CircRNAs and RUNX2 have been reported to fuel carcinogenesis. This section mainly deals with the positive relationship between circRNAs and RUNX2 to promote cancer progression.

hsa_circ_0000144 interfered with miR-217-mediated inhibition of RUNX2 (Huang [65]). Knockdown of hsa_circ_0000144 significantly delayed the growth of tumors in xenografted mice (Huang [65]).

circRNA_102272 served as a sponge for miR-326 and potentiated the expression of RUNX2 (Guan [66]). Importantly, tumor volume and weight in the circRNA_102272 knockdown groups were significantly suppressed. Moreover, intraperitoneally injected cisplatin caused inhibition of the volume and weight of the tumors in mice inoculated with circRNA_102272 knockdown cancer cells (Guan [66]).

Tumor suppressive role of RUNX3 and circular RNAs

RUNX3 mediated tumor suppressive effects have also been investigated in recent years. Certain circRNAs have been shown to stimulate the expression of RUNX3 to inhibit cancer progression and tumor development in preclinical models.

hsa_circ_0000673 overexpression inhibited the proliferative and invasive capacity of gastric cancer cells (Chang [67]). hsa_circ_0000673 downregulation promoted the proliferation and invasion of gastric cancer cells. hsa_circ_0000673 antagonized miR-532-5p-mediated targeting of RUNX3. hsa_circ_0000673 increased the levels of RUNX3 and E-cadherin in BGC823 and AGS cancer cells.

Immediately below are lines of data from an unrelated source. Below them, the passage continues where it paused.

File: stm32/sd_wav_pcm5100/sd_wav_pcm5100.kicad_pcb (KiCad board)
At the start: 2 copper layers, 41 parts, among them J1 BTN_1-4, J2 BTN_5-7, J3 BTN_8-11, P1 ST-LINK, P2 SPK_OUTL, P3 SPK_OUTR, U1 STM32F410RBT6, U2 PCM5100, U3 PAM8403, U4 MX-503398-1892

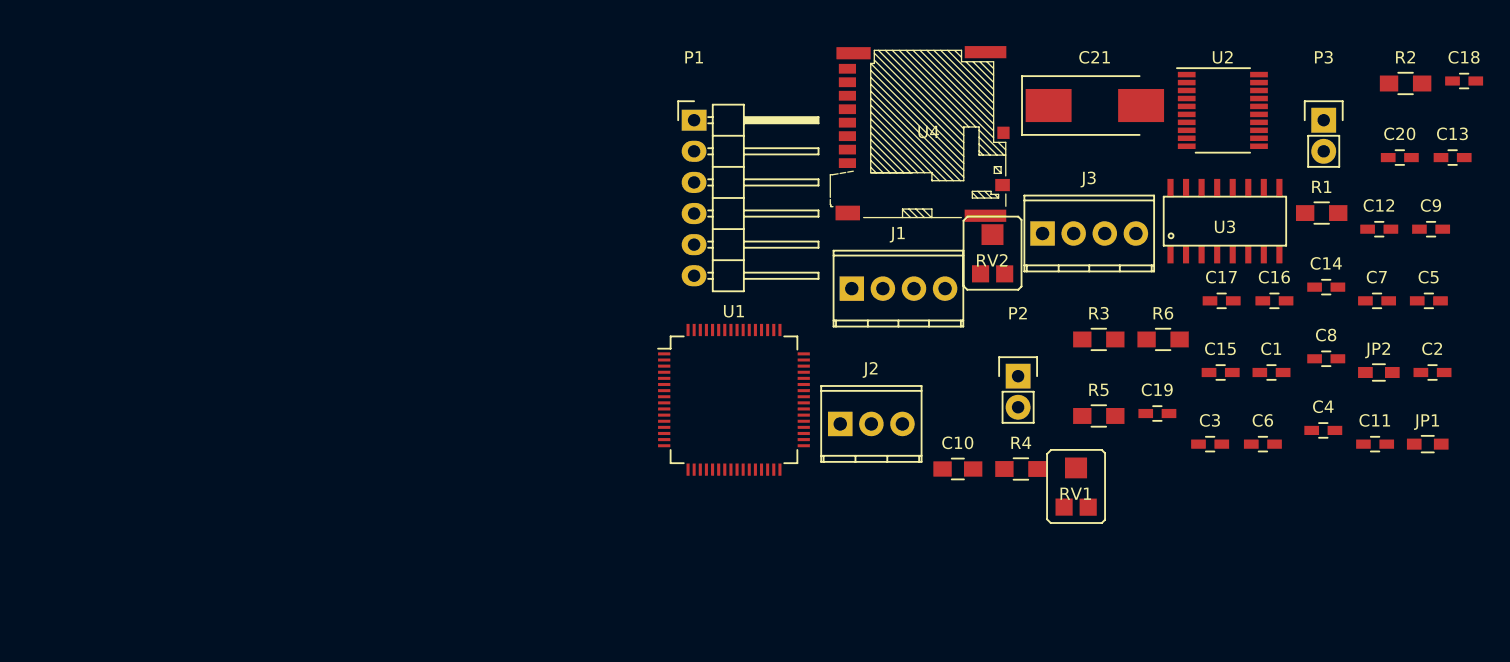
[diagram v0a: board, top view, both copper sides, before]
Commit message: [sd_wav_pcm5100] pcb routing 1st pass
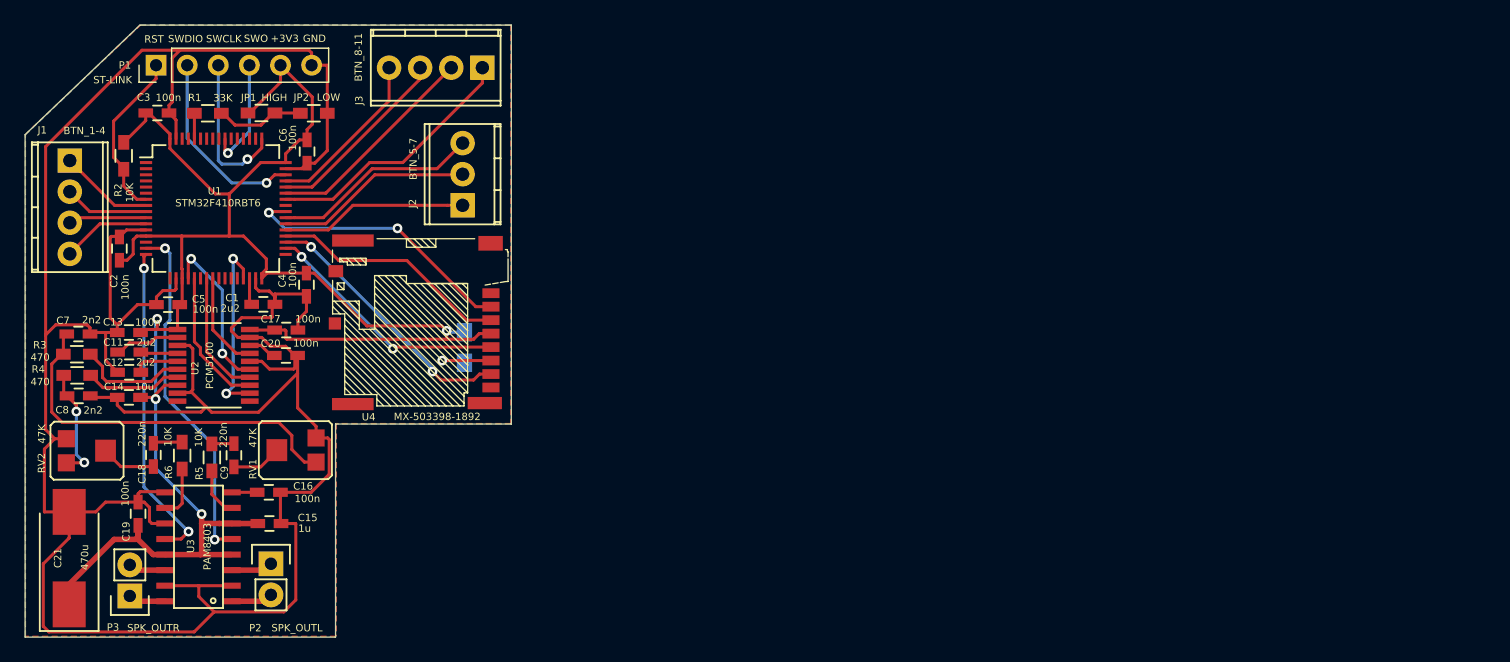
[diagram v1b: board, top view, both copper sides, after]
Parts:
- C10: moved to B.Cu
- P1: footprint Pin_Headers:Pin_Header_Angled_1x06 -> Pin_Headers:Pin_Header_Straight_1x06_Pitch2.54mm
- R1, R2, R3, R4, R5, R6: footprint Resistors_SMD:R_0805_HandSoldering -> Resistors_SMD:R_0603_HandSoldering
- moved C18 111.3 mm to (69.6, 103.5), turned to 90 degrees
- moved C13 109.0 mm to (67.6, 93.5), turned to 180 degrees
- moved C2 107.7 mm to (66.8, 86.7), turned to 90 degrees
- moved C7 106.1 mm to (63.5, 93.7), turned to 180 degrees
- moved P3 104.9 mm to (67.7, 115.0), turned to 180 degrees
- moved R2 104.8 mm to (67.2, 79.1), turned to 90 degrees
- moved C12 103.0 mm to (67.6, 98.8)
- moved C5 103.0 mm to (70.8, 91.2), turned to 180 degrees
- moved C11 102.0 mm to (67.6, 95.1), turned to 180 degrees
- moved C8 101.9 mm to (63.5, 98.7), turned to 180 degrees
- moved C9 99.5 mm to (76.2, 103.5), turned to 270 degrees
- moved JP1 99.0 mm to (78.4, 75.6), turned to 180 degrees
- moved C14 98.0 mm to (67.6, 96.8), turned to 180 degrees
- moved C20 92.4 mm to (80.4, 95.4)
- moved C21 91.5 mm to (62.7, 112.0), turned to 90 degrees
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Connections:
- U1 pad 1: Net-(U1-Pad1) -> (no net)
- U1 pad 14: Net-(U1-Pad14) -> (no net)
- U1 pad 17: Net-(U1-Pad17) -> (no net)
- U1 pad 2: Net-(U1-Pad2) -> (no net)
- U1 pad 22: Net-(U1-Pad22) -> (no net)
- U1 pad 25: Net-(U1-Pad25) -> (no net)
- U1 pad 26: Net-(U1-Pad26) -> (no net)
- U1 pad 27: Net-(U1-Pad27) -> (no net)
- U1 pad 28: Net-(U1-Pad28) -> (no net)
- U1 pad 3: Net-(U1-Pad3) -> (no net)
- U1 pad 33: Net-(U1-Pad33) -> (no net)
- U1 pad 4: Net-(U1-Pad4) -> (no net)
- U1 pad 41: Net-(U1-Pad41) -> (no net)
- U1 pad 5: Net-(U1-Pad5) -> (no net)
- U1 pad 50: Net-(U1-Pad50) -> (no net)
- U1 pad 51: Net-(U1-Pad51) -> (no net)
- U1 pad 52: Net-(U1-Pad52) -> (no net)
- U1 pad 53: Net-(U1-Pad53) -> (no net)
- U1 pad 54: Net-(U1-Pad54) -> (no net)
- U1 pad 56: Net-(U1-Pad56) -> (no net)
- U1 pad 57: Net-(U1-Pad57) -> (no net)
- U1 pad 58: Net-(U1-Pad58) -> (no net)
- U1 pad 59: Net-(U1-Pad59) -> (no net)
- U1 pad 6: Net-(U1-Pad6) -> (no net)
- U1 pad 61: Net-(U1-Pad61) -> (no net)
- U1 pad 62: Net-(U1-Pad62) -> (no net)
- U2 pad 10: Net-(U2-Pad10) -> (no net)
- U2 pad 11: Net-(U2-Pad11) -> (no net)
- U4 pad 1: Net-(U4-Pad1) -> (no net)
- U4 pad 10: Net-(U4-Pad10) -> (no net)
- U4 pad 8: Net-(U4-Pad8) -> (no net)
- U4 pad 9: Net-(U4-Pad9) -> (no net)
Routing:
- net GND: track 0.00 -> 247.2 mm, vias 0 -> 1
- net +3V3: track 0.00 -> 154.1 mm, vias 0 -> 4
- net /PCM5100_OUTL: track 0.00 -> 31.0 mm
- net /PAM8403_MUTE: track 0.00 -> 28.7 mm, vias 0 -> 2
- net /PAM8403_STANDBY: track 0.00 -> 26.3 mm, vias 0 -> 2
- net /SD_CS: track 0.00 -> 22.7 mm, vias 0 -> 2
- net /SD_DO: track 0.00 -> 21.8 mm, vias 0 -> 2
- net /BTN8: track 0.00 -> 21.2 mm
- net /SD_SCLK: track 0.00 -> 20.3 mm, vias 0 -> 2
- net /SD_DI: track 0.00 -> 19.6 mm
- net /BTN9: track 0.00 -> 17.8 mm
- net /BTN7: track 0.00 -> 17.0 mm
- net /BTN6: track 0.00 -> 16.1 mm
- net /SWDIO: track 0.00 -> 15.8 mm, vias 0 -> 1
- net /BTN10: track 0.00 -> 15.6 mm
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- added copper zone on B.Cu, net GND
- added copper zone on F.Cu, net GND
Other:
- board outline added: 39.7 x 50 mm
- net class Default: clearance 0.2 -> 0.25
- rule trace_clearance: 0.2 -> 0.25
- board text added: "+3V3"
- board text added: "GND"
- board text added: "RST"
- board text added: "SWCLK"
- board text added: "SWDIO"
- board text added: "SWO"

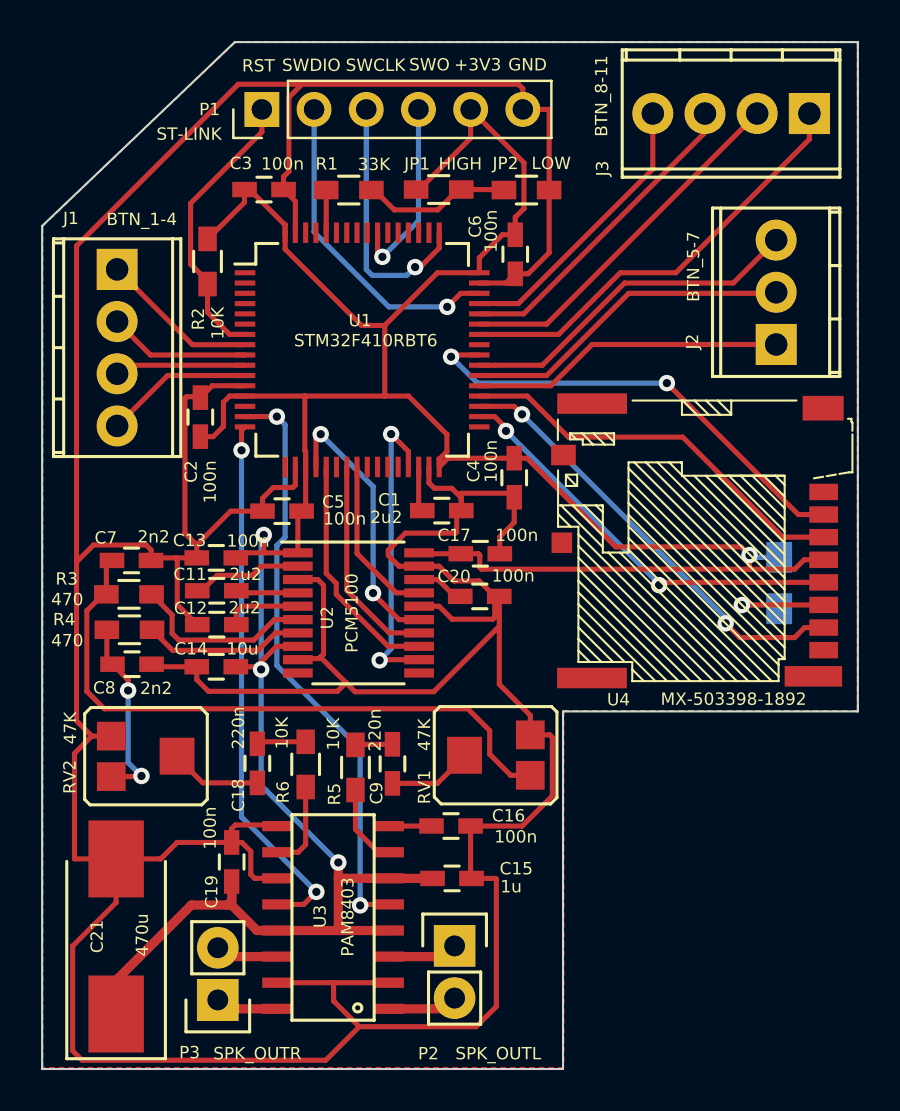
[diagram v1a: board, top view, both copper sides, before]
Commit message: [sd_wav_pcm5100] pcb routing 2nd pass
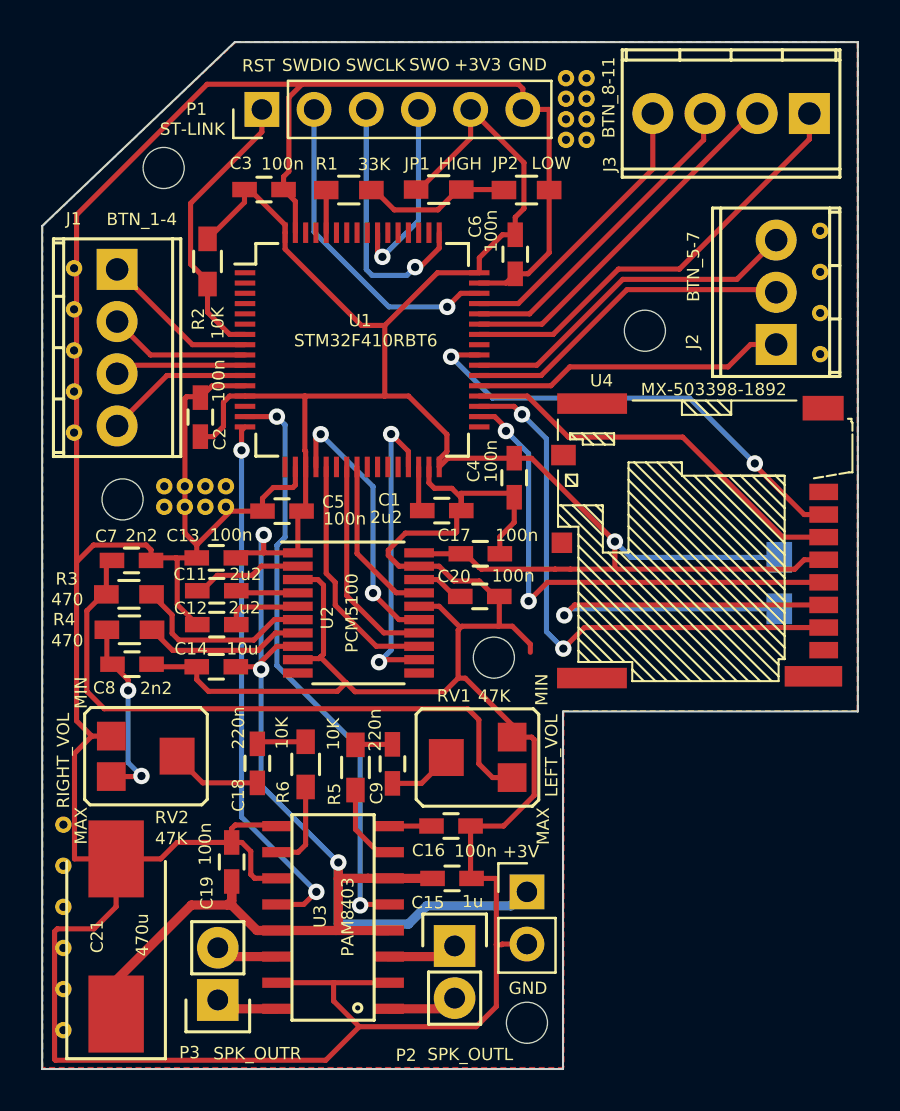
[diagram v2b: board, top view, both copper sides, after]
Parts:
- added P4: Supply, Pin_Headers:Pin_Header_Straight_1x02_Pitch2.54mm, F.Cu at (82.7, 109.8)
- added REF**: 1pin, myfootprints:1pin, F.Cu at (97.0, 83.6)
- added REF**: 1pin, myfootprints:1pin, F.Cu at (60.2, 116.5)
- added REF**: 1pin, myfootprints:1pin, F.Cu at (60.2, 114.5)
- added REF**: 1pin, myfootprints:1pin, F.Cu at (60.2, 112.5)
- added REF**: 1pin, myfootprints:1pin, F.Cu at (60.2, 110.5)
- added REF**: 1pin, myfootprints:1pin, F.Cu at (60.2, 108.5)
- added REF**: 1pin, myfootprints:1pin, F.Cu at (60.2, 106.5)
- added REF**: 1pin, myfootprints:1pin, F.Cu at (66.1, 91.0)
- added REF**: 1pin, myfootprints:1pin, F.Cu at (67.1, 90.0)
- added REF**: 1pin, myfootprints:1pin, F.Cu at (66.1, 90.0)
- added REF**: 1pin, myfootprints:1pin, F.Cu at (65.1, 90.0)
- added REF**: 1pin, myfootprints:1pin, F.Cu at (97.0, 81.6)
- added REF**: 1pin, myfootprints:1pin, F.Cu at (65.1, 91.0)
- added REF**: 1pin, myfootprints:1pin, F.Cu at (68.1, 90.0)
- added REF**: 1pin, myfootprints:1pin, F.Cu at (67.1, 91.0)
- added REF**: 1pin, myfootprints:1pin, F.Cu at (68.1, 91.0)
- added REF**: 1pin, myfootprints:1pin, F.Cu at (85.6, 73.2)
- added REF**: 1pin, myfootprints:1pin, F.Cu at (84.6, 73.2)
- added REF**: 1pin, myfootprints:1pin, F.Cu at (85.6, 72.2)
- added REF**: 1pin, myfootprints:1pin, F.Cu at (84.6, 72.2)
- added REF**: 1pin, myfootprints:1pin, F.Cu at (85.6, 71.2)
- added REF**: 1pin, myfootprints:1pin, F.Cu at (84.6, 71.2)
- added REF**: 1pin, myfootprints:1pin, F.Cu at (97.0, 79.6)
- added REF**: 1pin, myfootprints:1pin, F.Cu at (85.6, 70.2)
- added REF**: 1pin, myfootprints:1pin, F.Cu at (84.6, 70.2)
- added REF**: hole_2mm, myfootprints:hole_2mm, F.Cu at (81.1, 98.4)
- added REF**: hole_2mm, myfootprints:hole_2mm, F.Cu at (65.0, 74.5)
- added REF**: hole_2mm, myfootprints:hole_2mm, F.Cu at (88.5, 82.5)
- added REF**: hole_2mm, myfootprints:hole_2mm, F.Cu at (63.0, 90.7)
- added REF**: hole_2mm, myfootprints:hole_2mm, F.Cu at (82.7, 116.2)
- added REF**: 1pin, myfootprints:1pin, F.Cu at (97.0, 77.6)
- added REF**: 1pin, myfootprints:1pin, F.Cu at (60.7, 81.4)
- added REF**: 1pin, myfootprints:1pin, F.Cu at (60.7, 83.4)
- added REF**: 1pin, myfootprints:1pin, F.Cu at (60.7, 79.4)
- added REF**: 1pin, myfootprints:1pin, F.Cu at (60.7, 87.4)
- added REF**: 1pin, myfootprints:1pin, F.Cu at (60.7, 85.4)
- added REF***: OSHW-Logo_7.5x8mm_SilkScreen, Symbols:OSHW-Logo_7.5x8mm_SilkScreen, B.Cu at (69.1, 81.0)
- moved RV1 0.89 mm to (80.4, 103.3)
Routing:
- net GND: track 247.2 -> 268.2 mm
- net +3V3: track 154.1 -> 167.2 mm
- net /SD_DO: track 21.8 -> 27.6 mm
- net /SD_SCLK: track 20.3 -> 25.2 mm
- net Net-(C9-Pad2): track 4.10 -> 3.17 mm
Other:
- board text added: "+3V"
- board text added: "LEFT_VOL"
- board text added: "MAX"
- board text added: "MIN"
- board text added: "RIGHT_VOL"
- board text added: "WAV Sound Module"

Tumors developed from has_circ-0000673-overexpressing AGS cancer cells were smaller in size in tumor-bearing mice (Chang [67]).

circLARP4 effectively blocked miR‐761-mediated targeting of RUNX3 (Chen [68]). Increased levels of p53 and p21 in circLARP4‐overexpressing MHCC97L cancer cells were abolished after knockdown of RUNX3. Tumors derived from circLARP4‐overexpressing-MHCC97L cancer cells were smaller in size. Higher levels of RUNX3, p53 and p21 were noticed in the tumors derived from circLARP4‐overexpressing-MHCC97L groups (Chen [68]).

circREPS2 efficiently blocked miR-558-induced targeting of RUNX3 (Guo [69]). RUNX3 exerted repressive effects on Wnt/β-catenin signaling in gastric cancer cells. Wnt/β-catenin pathway was significantly inhibited in RUNX3-expressing-BGC-823 and SGC-7901 cells, resulting in a significant reduction in nuclear accumulation of β-catenin. RUNX3 significantly inhibited the transcriptional activity of Wnt/β-catenin signaling cascade (Guo [69]).

Concluding remarks

The regulation of the RUNX family by non-coding RNAs is a surprisingly unexplored field and needs detailed research. Astonishingly, RUNX genes illuminate an exciting fact that disruption of cell-fate determination can have an etiological role in carcinogenesis and metastasis, but with a more intricate and multifaceted set of consequences than previously surmised for the ‘simple’ tumor suppressors or oncogenes. These puzzling complexities highlight opportunities and threats for therapeutic targeting of RUNX, which might have unintended and unexpected consequences. It is safe to conclude that a fool-proof and comprehensive understanding of the intricate interplay between non-coding RNAs and RUNX factors will be essential if scientists aim to harness rapidly evolving knowledge of this gene family for further beneficial advancements in cancer therapeutics.

Declaration of competing interest

I declare on the behalf of all authors that none of the authors have any conflict of interest.